I will retire to bed now.

At least somebody knows I am alive.

I.

A note on the text: In 2012, the author visited Algiers to participate in the National Theatre Festival. This piece was commissioned by the festival for an anthology on Algeria by writers from around the Arab world. This essay was also published in the author’s latest short story collection, Inevitable Preludes to an Eventual Disintegration (Cairo: Dar al-Ain, 2014), and appears here in translation for the first time.


Glossary

‘Abd al-Qādir al-Jazā’irī (1808 – 1883) led the struggle against the French colonial invasion of Algeria in the mid-19th century. He was exiled to Damascus, where he died.

Zahra Ẓaryf-Biyṭāṭ was a freedom fighter in the National Liberation Front of Algeria. Her best known operation was the 1956 bombing of the Milk Bar café, which was frequented by French colonists. She was imprisoned in 1957 and released in 1962, as part of a presidential amnesty to mark the independence of Algeria. In Arabic, her first name means “flower”.

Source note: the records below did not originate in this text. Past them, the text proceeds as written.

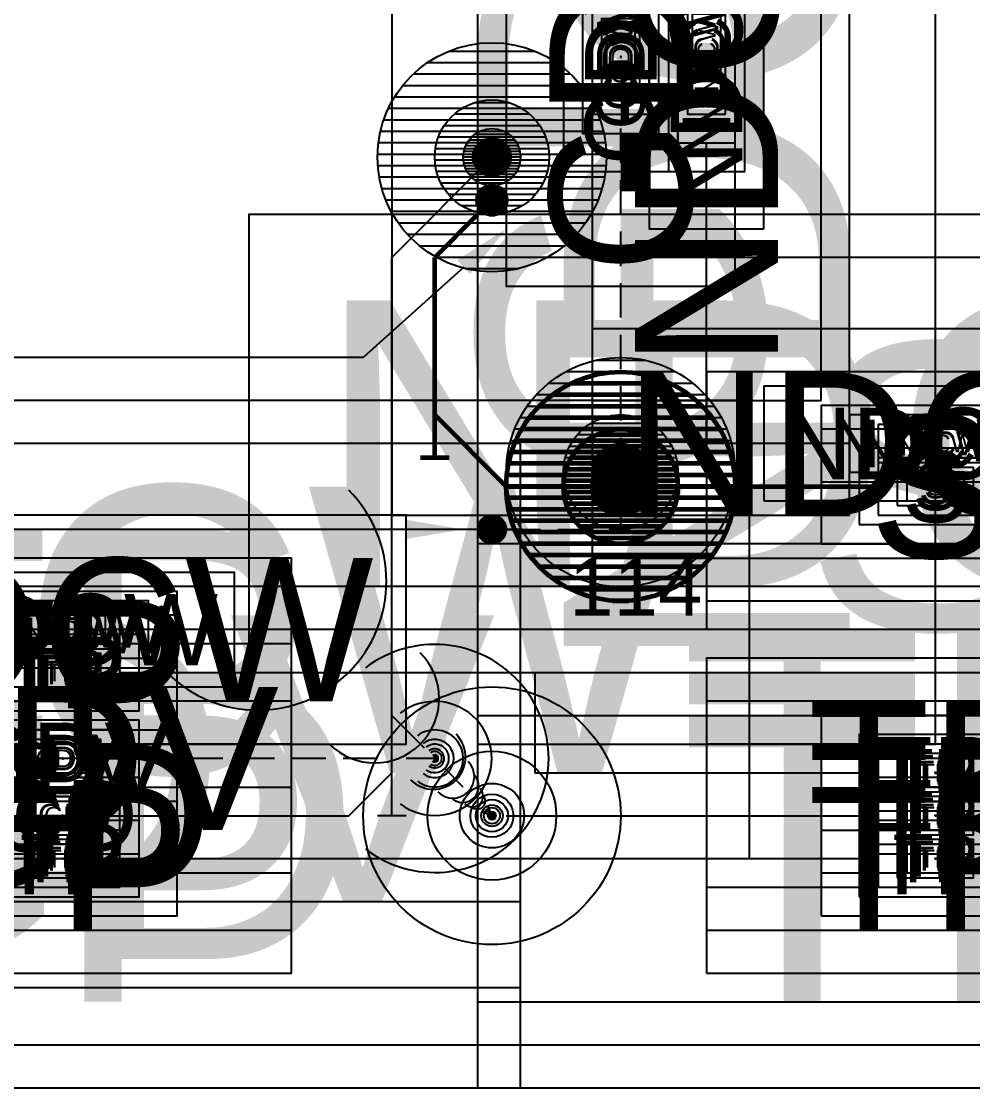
# Model space of a CAD drawing. Extents: x -3956 to 1666, y -2601 to 1886.
# Drawn here: x -2979.7 to -2780.2, y 94.7 to 318.2 of the extents above; entities that cross this region are included whole.
import ezdxf
from ezdxf.enums import TextEntityAlignment as Align

# ---------------------------------------------------------------- set-up
doc = ezdxf.new("R2010")
doc.units = 0
doc.header["$LTSCALE"] = 36
doc.header["$MEASUREMENT"] = 0
doc.linetypes.add('VENT', pattern=[0.30000000000000004, 0.2, -0.1])
for name, color, linetype in [('G-ANNO-TEXT', 70, 'Continuous'), ('P-GD-N', 3, 'Continuous'), ('P-GD-N @ 1 (1)', 3, 'Continuous'), ('P-GD-N @ 1 (2)', 3, 'Continuous'), ('P-GD-N @ 12', 3, 'Continuous'), ('P-GD-N @ 128', 3, 'Continuous'), ('P-GD-N @ 16', 3, 'Continuous'), ('P-GD-N @ 192', 3, 'Continuous'), ('P-GD-N @ 2', 3, 'Continuous'), ('P-GD-N @ 24', 3, 'Continuous'), ('P-GD-N @ 384', 3, 'Continuous'), ('P-GD-N @ 4', 3, 'Continuous'), ('P-GD-N @ 48', 3, 'Continuous'), ('P-GD-N @ 64', 3, 'Continuous'), ('P-GD-N @ 768', 3, 'Continuous'), ('P-GD-N @ 8', 3, 'Continuous'), ('P-GD-N @ 96', 3, 'Continuous'), ('P-GV-N', 3, 'VENT'), ('P-GV-N @ 1 (1)', 3, 'VENT'), ('P-GV-N @ 1 (2)', 3, 'VENT'), ('P-GV-N @ 12', 3, 'VENT'), ('P-GV-N @ 128', 3, 'VENT'), ('P-GV-N @ 16', 3, 'VENT'), ('P-GV-N @ 192', 3, 'VENT'), ('P-GV-N @ 2', 3, 'VENT'), ('P-GV-N @ 24', 3, 'VENT'), ('P-GV-N @ 384', 3, 'VENT'), ('P-GV-N @ 4', 3, 'VENT'), ('P-GV-N @ 48', 3, 'VENT'), ('P-GV-N @ 64', 3, 'VENT'), ('P-GV-N @ 768', 3, 'VENT'), ('P-GV-N @ 8', 3, 'VENT'), ('P-GV-N @ 96', 3, 'VENT'), ('P-NDCW-N', 4, 'Continuous'), ('P-NDCW-N @ 1 (1)', 4, 'Continuous'), ('P-NDCW-N @ 1 (2)', 4, 'Continuous'), ('P-NDCW-N @ 128', 4, 'Continuous'), ('P-NDCW-N @ 192', 4, 'Continuous'), ('P-NDCW-N @ 384', 4, 'Continuous'), ('P-NDCW-N @ 48', 4, 'Continuous'), ('P-NDCW-N @ 64', 4, 'Continuous'), ('P-NDCW-N @ 768', 4, 'Continuous'), ('P-NDCW-N @ 96', 4, 'Continuous'), ('P-TP-N', 4, 'Continuous'), ('P-TP-N @ 1 (1)', 4, 'Continuous'), ('P-TP-N @ 1 (2)', 4, 'Continuous'), ('P-TP-N @ 128', 4, 'Continuous'), ('P-TP-N @ 192', 4, 'Continuous'), ('P-TP-N @ 384', 4, 'Continuous'), ('P-TP-N @ 48', 4, 'Continuous'), ('P-TP-N @ 64', 4, 'Continuous'), ('P-TP-N @ 768', 4, 'Continuous'), ('P-TP-N @ 96', 4, 'Continuous')]:
    doc.layers.add(name, color=color, linetype=linetype)
doc.layers.add('P-SAN-DFU', color=7, linetype='Continuous', plot=False)
for name, color, linetype, lineweight in [('P-SAN-N', 6, 'Continuous', 60), ('P-SAN-N @ 1 (1)', 6, 'Continuous', 60), ('P-SAN-N @ 1 (2)', 6, 'Continuous', 60), ('P-SAN-N @ 12', 6, 'Continuous', 60), ('P-SAN-N @ 128', 6, 'Continuous', 60), ('P-SAN-N @ 16', 6, 'Continuous', 60), ('P-SAN-N @ 192', 6, 'Continuous', 60), ('P-SAN-N @ 2', 6, 'Continuous', 60), ('P-SAN-N @ 24', 6, 'Continuous', 60), ('P-SAN-N @ 384', 6, 'Continuous', 60), ('P-SAN-N @ 4', 6, 'Continuous', 60), ('P-SAN-N @ 48', 6, 'Continuous', 60), ('P-SAN-N @ 64', 6, 'Continuous', 60), ('P-SAN-N @ 768', 6, 'Continuous', 60), ('P-SAN-N @ 8', 6, 'Continuous', 60), ('P-SAN-N @ 96', 6, 'Continuous', 60)]:
    doc.layers.add(name, color=color, linetype=linetype, lineweight=lineweight)
doc.styles.add('Arial', font='arial.ttf')

# ---------------------------------------------------------------- blocks, each defined once
blk = doc.blocks.new('*U25')
h = blk.add_hatch()
h.set_pattern_fill('ANSI31', color=256, scale=0.025, angle=135)
h.set_pattern_definition([(180, (0, 0), (-4.336808689942018e-19, -0.003125), [])])
edge = h.paths.add_edge_path()
edge.add_arc((-3.469446951953614e-18, -6.938893903907228e-18), 0.03125000000000001, 0, 360)
blk.add_circle((0, 0), 0.03125)
blk = doc.blocks.new('*U1580')
at = {"layer": 'P-GV-N @ 1 (1)'}
blk.add_blockref('*U25', (-2854.000000014937, 223.7428015229962), dxfattribs=at)
at = {"layer": 'P-GV-N @ 1 (2)'}
blk.add_blockref('*U25', (-2854.000000014937, 223.7428015229962), dxfattribs=at)
at = {"layer": 'P-GV-N @ 12', "xscale": 12, "yscale": 12, "zscale": 12}
blk.add_blockref('*U25', (-2854.000000014937, 223.7428015229962), dxfattribs=at)
at = {"layer": 'P-GV-N @ 128', "xscale": 128, "yscale": 128, "zscale": 128}
blk.add_blockref('*U25', (-2854.000000014937, 223.7428015229962), dxfattribs=at)
at = {"layer": 'P-GV-N @ 16', "xscale": 16, "yscale": 16, "zscale": 16}
blk.add_blockref('*U25', (-2854.000000014937, 223.7428015229962), dxfattribs=at)
at = {"layer": 'P-GV-N @ 192', "xscale": 192, "yscale": 192, "zscale": 192}
blk.add_blockref('*U25', (-2854.000000014937, 223.7428015229962), dxfattribs=at)
at = {"layer": 'P-GV-N @ 2', "xscale": 2, "yscale": 2, "zscale": 2}
blk.add_blockref('*U25', (-2854.000000014937, 223.7428015229962), dxfattribs=at)
at = {"layer": 'P-GV-N @ 24', "xscale": 24, "yscale": 24, "zscale": 24}
blk.add_blockref('*U25', (-2854.000000014937, 223.7428015229962), dxfattribs=at)
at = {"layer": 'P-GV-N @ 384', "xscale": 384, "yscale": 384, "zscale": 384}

Diydowsh Murād (1927 – 1955) was a member of the Group of Twenty Two, a group that played a decisive role in fomenting the Algerian Revolution which resulted in the country’s independence from colonial rule. He was one of five members of the first revolutionary committee created by the group and was known as “Le Petit” because of his short stature. He was martyred in the Battle of Duwwār Al-Ṣawādeq.

Muhammad Al’araby Ben Mahidy (1923 – 1957) was a key figure in the armed struggle of the Algerian Revolution that led to the country’s independence. He was tortured to death by the French, and is the author of a famous epigram from the Algerian Revolution: “Throw the revolution into the street, and the people will embrace it.”

Sidi Faraj is the area from where the French launched their colonial invasion of Algeria. It is named after a local saint who was buried there.

‘Ezz Aldiyn Mujuwby (1947 – 1995) was an actor and stage director, as well as the Director of Algeria’s National Theatre. He was assassinated by Islamic terrorists near the theatre’s back door.